Questions tagged [abstract-algebra]

For questions about monoids, groups, rings, modules, fields, vector spaces, algebras over fields, various types of lattices, and other such algebraic objects. Associate with related tags like [group-theory], [ring-theory], [modules], etc. as necessary to clarify which topic of abstract algebra is most related to your question and help other users when searching.

Abstract algebra is the study of algebraic objects, i.e. sets endowed with one or more operations on the elements of those sets. In particular, the study of abstract algebra considers the algebraic structures and properties of which such operations induce. It can be considered as the generalization of the study of the algebraic structure of the integers and real numbers (arithmetic), or the study of matrices and vector spaces (linear algebra).

Some algebraic objects are monoids, groups, rings, fields, vector spaces, modules, algebras, and categories, among many other less prominent objects.

Examples

  1. The set of non-negative integers $\mathbb{N} = \{0,1,2,3,\dotsc\}$ is a monoid under the operation $+$.

  2. The integers $\mathbb{Z} = \{\dotsc,-1,0,1,\dotsc\}$ under the binary operation of $+$ form a group.

  3. Furthermore, $\mathbb{Z}$ has the structure of a ring when you consider it as being equipped with both addition and multiplication.

  4. The real numbers $\mathbb{R}$ with their usual addition and multiplication form a field.

  5. The set of $n\times n$ matrices with entries in $\mathbb{R}$ with matrix addition and multiplication form a ring.

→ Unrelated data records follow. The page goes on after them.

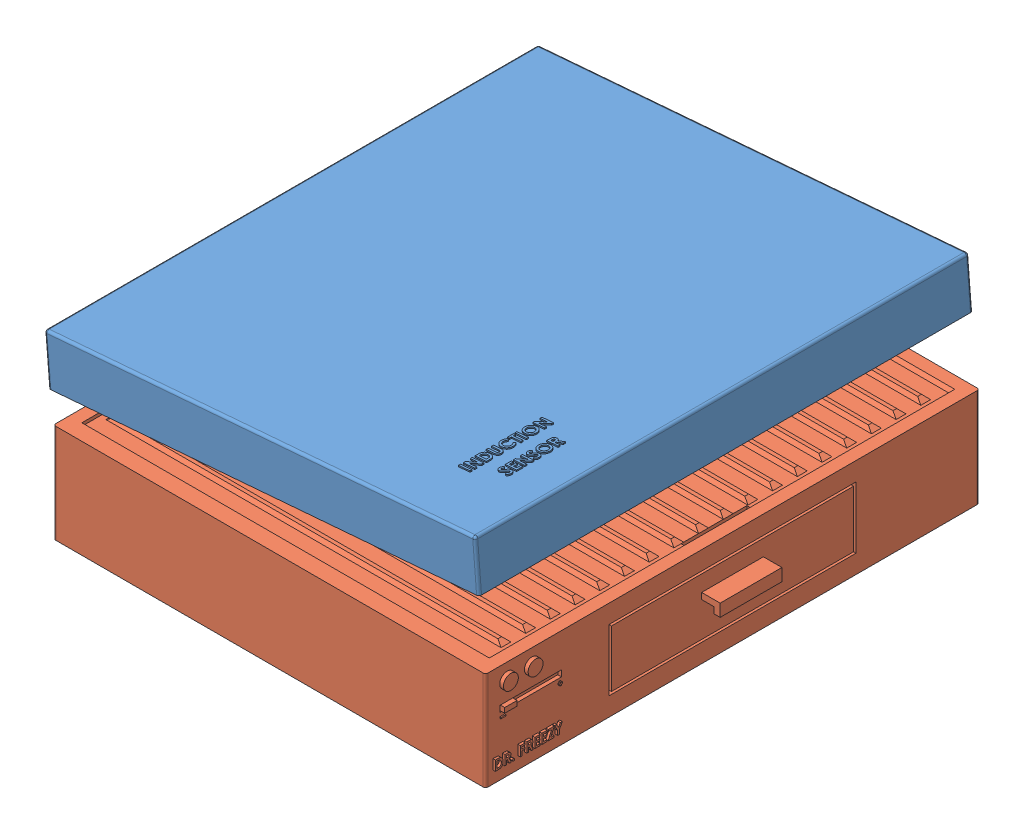
SolidWorks assembly Assembly tosti ijzer, configuration Default. Lengths in mm.
Overall size (497 172.92 400).
2 component instances, 2 part files, 2 mates.
Components (placement in the parent):
- tosti ijzer bovenkant-2: tosti ijzer bovenkant [Default] at (150.7269 384.9499 454.2465) x (0 0 -1) z (0.996651 0.081767 0) size (400 59 370)
- tosti ijzer onderkant-1: tosti ijzer onderkant [Default] at (155.4094 307.1998 454.2465) x (0 0 1) z (-1 0 0) size (400 99.33 497)
Mates (geometry in assembly coordinates):
- Concentric1: concentric aligned: cylinder of tosti ijzer onderkant-1 through (-32.5906 356.8665 520.2465) axis (0 0 -1) radius 5; cylinder of tosti ijzer bovenkant-2 through (-32.5906 356.8665 520.2465) axis (0 0 -1) radius 5
- Coincident1: coincident aligned: plane of tosti ijzer onderkant-1 through (-32.5906 356.8665 388.2465) normal (0 0 -1); plane of tosti ijzer bovenkant-2 through (-32.5906 356.8665 388.2465) normal (0 0 -1)
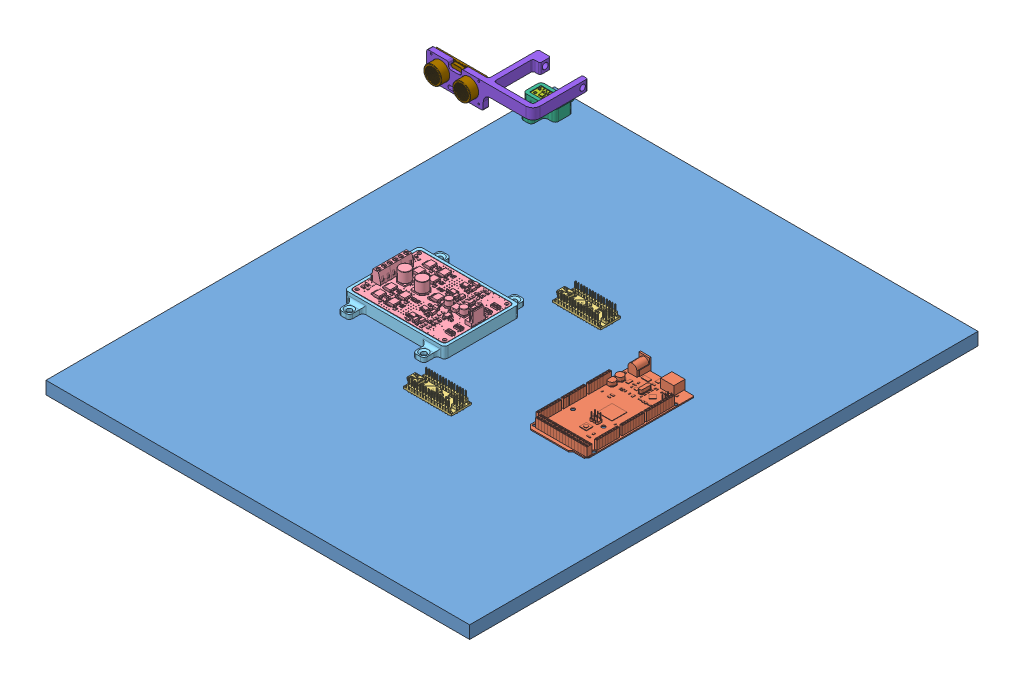
SolidWorks assembly assem_controls, configuration Default. Lengths in mm.
Overall size (381 143.05 457.2).
10 component instances, 9 part files, 26 mates.
Components (placement in the parent):
- controlsPlatform-1: controlsPlatform [Default] at (243.4798 251.1001 501.1556) size (381 11.46 457.2)
- arduinoMega_Elegoo-1: arduinoMega_Elegoo [Default] at (331.5384 262.5555 500.6116) x (0 0 -1) z (1 0 0) size (100 11.65 51.63)
- arduinoNano_Elegoo-1: arduinoNano_Elegoo [Default] at (261.2598 264.3555 426.3356) x (-1 0 0) z (0 0 -1) size (45 11.95 18)
- arduinoNano_Elegoo-2: arduinoNano_Elegoo [Default] at (261.2598 264.3555 560.7356) x (-1 0 0) z (0 0 -1) size (45 11.95 18)
- motorController_Cytron-1: motorController_Cytron [Default] at (129.1798 271.0555 552.3366) x (1 0 0) z (0 1 0) size (84.58 61.72 14.9)
- motorDriverMount-1: motorDriverMount [Default] at (126.4708 262.5555 534.9056) size (90 10 91.5)
- compassMount-1: compassMount [Default] at (52.9798 262.5555 300.7556) size (28.9 10 40.2)
- compassIC_LSM303D-1: compassIC_LSM303D [Default] at (55.9398 271.0555 287.6356) x (0 0 1) z (0 1 0) size (10.16 22.86 2.22)
- ultrasonicSensorMount-1: ultrasonicSensorMount [Default] at (123.1292 374.6068 427.3136) size (95.5 22.86 49.44)
- ultrasonicSensor_hc-sr04-1: ultrasonicSensor_hc-sr04 [Predeterminado] at (123.1292 383.4768 427.3136) size (45.42 26.14 17.7)
Mates (geometry in assembly coordinates):
- Coincident1: coincident: plane of controlsPlatform-1 through (243.4798 262.5555 501.1556) normal (0 1 0); plane of arduinoNano_Elegoo-1 through (255.0348 262.5555 431.0856) normal (0 -1 0)
- Coincident2: coincident: plane of controlsPlatform-1 through (243.4798 262.5555 501.1556) normal (0 1 0); plane of arduinoNano_Elegoo-2 through (255.0348 262.5555 565.4856) normal (0 -1 0)
- Coincident4: coincident: plane of controlsPlatform-1 through (243.4798 262.5555 501.1556) normal (0 1 0); plane of arduinoMega_Elegoo-1 through (331.5384 262.5555 500.6116) normal (0 -1 0)
- Parallel1: parallel: plane of controlsPlatform-1 through (52.9798 262.5555 272.5556) normal (-1 0 0); plane of arduinoMega_Elegoo-1 through (306.1471 253.5555 450.6116) normal (-1 0 0)
- Width1: width: plane of controlsPlatform-1 through (52.9798 262.5555 729.7556) normal (0 0 1); plane of controlsPlatform-1 through (52.9798 262.5555 272.5556) normal (0 0 -1); plane of arduinoMega_Elegoo-1 through (358.0384 263.5555 550.6116) normal (0 0 1); plane of arduinoMega_Elegoo-1 through (318.1504 253.5555 451.6996) normal (0 0 -1)
- Distance1: distance = 76.2 mm: plane of controlsPlatform-1 through (433.9798 262.5555 272.5556) normal (1 0 0); plane of arduinoMega_Elegoo-1 through (357.7798 253.5555 452.1362) normal (1 0 0)
- Width2: width: plane of motorController_Cytron-1 through (132.1008 271.0555 532.0166) normal (0 0 1); plane of motorController_Cytron-1 through (210.8408 271.0555 470.2946) normal (0 0 -1); plane of controlsPlatform-1 through (52.9798 262.5555 729.7556) normal (0 0 1); plane of controlsPlatform-1 through (52.9798 262.5555 272.5556) normal (0 0 -1)
- Distance2: distance = 76.2 mm: plane of controlsPlatform-1 through (52.9798 262.5555 272.5556) normal (-1 0 0); plane of motorController_Cytron-1 through (129.1798 271.0555 473.2156) normal (-1 0 0)
- Parallel2: parallel: plane of controlsPlatform-1 through (52.9798 262.5555 729.7556) normal (0 0 1); plane of arduinoNano_Elegoo-2 through (265.0798 264.3555 577.3556) normal (0 0 1)
- Parallel3: parallel: plane of controlsPlatform-1 through (52.9798 262.5555 272.5556) normal (0 0 -1); plane of arduinoNano_Elegoo-1 through (221.8798 264.3555 424.9556) normal (0 0 -1)
- Width3: width: plane of controlsPlatform-1 through (52.9798 262.5555 272.5556) normal (-1 0 0); plane of controlsPlatform-1 through (433.9798 262.5555 272.5556) normal (1 0 0); plane of arduinoNano_Elegoo-1 through (221.8798 264.3555 442.9556) normal (-1 0 0); plane of arduinoNano_Elegoo-1 through (265.0798 264.3555 424.9556) normal (1 0 0)
- Width4: width: plane of controlsPlatform-1 through (52.9798 262.5555 272.5556) normal (-1 0 0); plane of controlsPlatform-1 through (433.9798 262.5555 272.5556) normal (1 0 0); plane of arduinoNano_Elegoo-2 through (221.8798 264.3555 577.3556) normal (-1 0 0); plane of arduinoNano_Elegoo-2 through (265.0798 264.3555 559.3556) normal (1 0 0)
- Width5: width: plane of controlsPlatform-1 through (52.9798 262.5555 729.7556) normal (0 0 1); plane of controlsPlatform-1 through (52.9798 262.5555 272.5556) normal (0 0 -1); plane of arduinoNano_Elegoo-1 through (221.8798 264.3555 424.9556) normal (0 0 -1); plane of arduinoNano_Elegoo-2 through (265.0798 264.3555 577.3556) normal (0 0 1)
- Distance3: distance = 152.4 mm: plane of controlsPlatform-1 through (52.9798 262.5555 729.7556) normal (0 0 1); plane of arduinoNano_Elegoo-2 through (265.0798 264.3555 577.3556) normal (0 0 1)
- Concentric1: concentric: circle of motorController_Cytron-1; circle of motorDriverMount-1
- Coincident5: coincident: plane of motorController_Cytron-1 through (132.1008 271.0555 532.0166) normal (0 -1 0); plane of motorDriverMount-1 through (126.4708 271.0555 534.9056) normal (0 1 0)
- Coincident6: coincident: plane of controlsPlatform-1 through (243.4798 262.5555 501.1556) normal (0 1 0); plane of motorDriverMount-1 through (126.4708 262.5555 534.9056) normal (0 -1 0)
- Concentric2: concentric: circle of motorController_Cytron-1; circle of motorDriverMount-1
- Coincident7: coincident: plane of controlsPlatform-1 through (243.4798 262.5555 501.1556) normal (0 1 0); plane of compassMount-1 through (52.9798 262.5555 300.7556) normal (0 -1 0)
- Coincident8: coincident: plane of controlsPlatform-1 through (52.9798 262.5555 272.5556) normal (-1 0 0); plane of compassMount-1 through (52.9798 272.5555 284.5556) normal (-1 0 0)
- Coincident9: coincident: plane of controlsPlatform-1 through (52.9798 262.5555 272.5556) normal (0 0 -1); plane of compassMount-1 through (81.8798 262.5555 272.5556) normal (0 0 -1)
- Concentric3: concentric: circle of compassMount-1; circle of compassIC_LSM303D-1
- Parallel4: parallel: plane of compassMount-1 through (78.8798 272.5555 287.5556) normal (0 0 1); plane of compassIC_LSM303D-1 through (78.7998 272.0715 287.6356) normal (0 0 -1)
- Coincident11: coincident: plane of compassMount-1 through (52.9798 271.0555 300.7556) normal (0 1 0); plane of compassIC_LSM303D-1 through (55.9398 271.0555 287.6356) normal (0 -1 0)
- Concentric4: concentric: cylinder of ultrasonicSensorMount-1 through (110.1292 383.4768 432.0761) axis (0 0 -1) radius 8.255; cylinder of ultrasonicSensor_hc-sr04-1 through (110.1292 383.4768 439.3136) axis (0 0 -1) radius 8
- Coincident12: coincident: plane of ultrasonicSensorMount-1 through (126.5582 391.1379 427.3136) normal (0 0 -1); plane of ultrasonicSensor_hc-sr04-1 through (123.1292 383.4768 427.3136) normal (0 0 1)
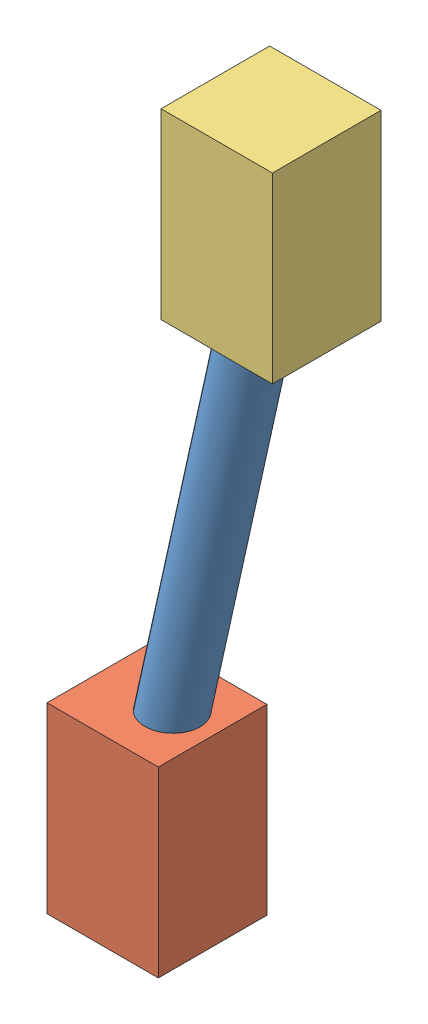
SolidWorks assembly Arm Assembly, configuration Default. Lengths in mm.
Overall size (52.71 176.36 25.4).
3 component instances, 3 part files, 3 mates.
Components (placement in the parent):
- Arm-1: Arm [Default] at (41.2966 99.4107 38.9811) x (0.953154 -0.211309 0.21644) z (-0.21644 -0.976296 0) size (12.7 12.7 152.4)
- Arm To Base Mount-3: Arm To Base Mount [Default] at (27.9576 32.5914 26.5839) size (26.04 48.12 25.4)
- MotorMount-2: MotorMount [Default] at (54.6356 166.2301 26.5839) x (-1 0 0) z (0 0 1) size (26.04 48.12 25.4)
Mates (geometry in assembly coordinates):
- Coincident5: coincident aligned: circle of Arm-1; circle of Arm To Base Mount-3
- Coincident6: coincident anti-aligned: circle of Arm-1; circle of MotorMount-2
- Parallel2: parallel aligned: plane of Arm To Base Mount-3 through (40.9751 11.23 51.9839) normal (1 0 0); plane of MotorMount-2 through (67.6531 187.5915 51.9839) normal (1 0 0)

  6. The set of $1\times n$ vectors over the real numbers, with vector addition, and multiplication by elements of the $n\times n$ real matrices on the right are an example of a module for the ring of matrices.

In addition to studying the objects themselves, abstract algebra considers homomorphisms between the objects and various constructions and tools, which are useful for studying the objects.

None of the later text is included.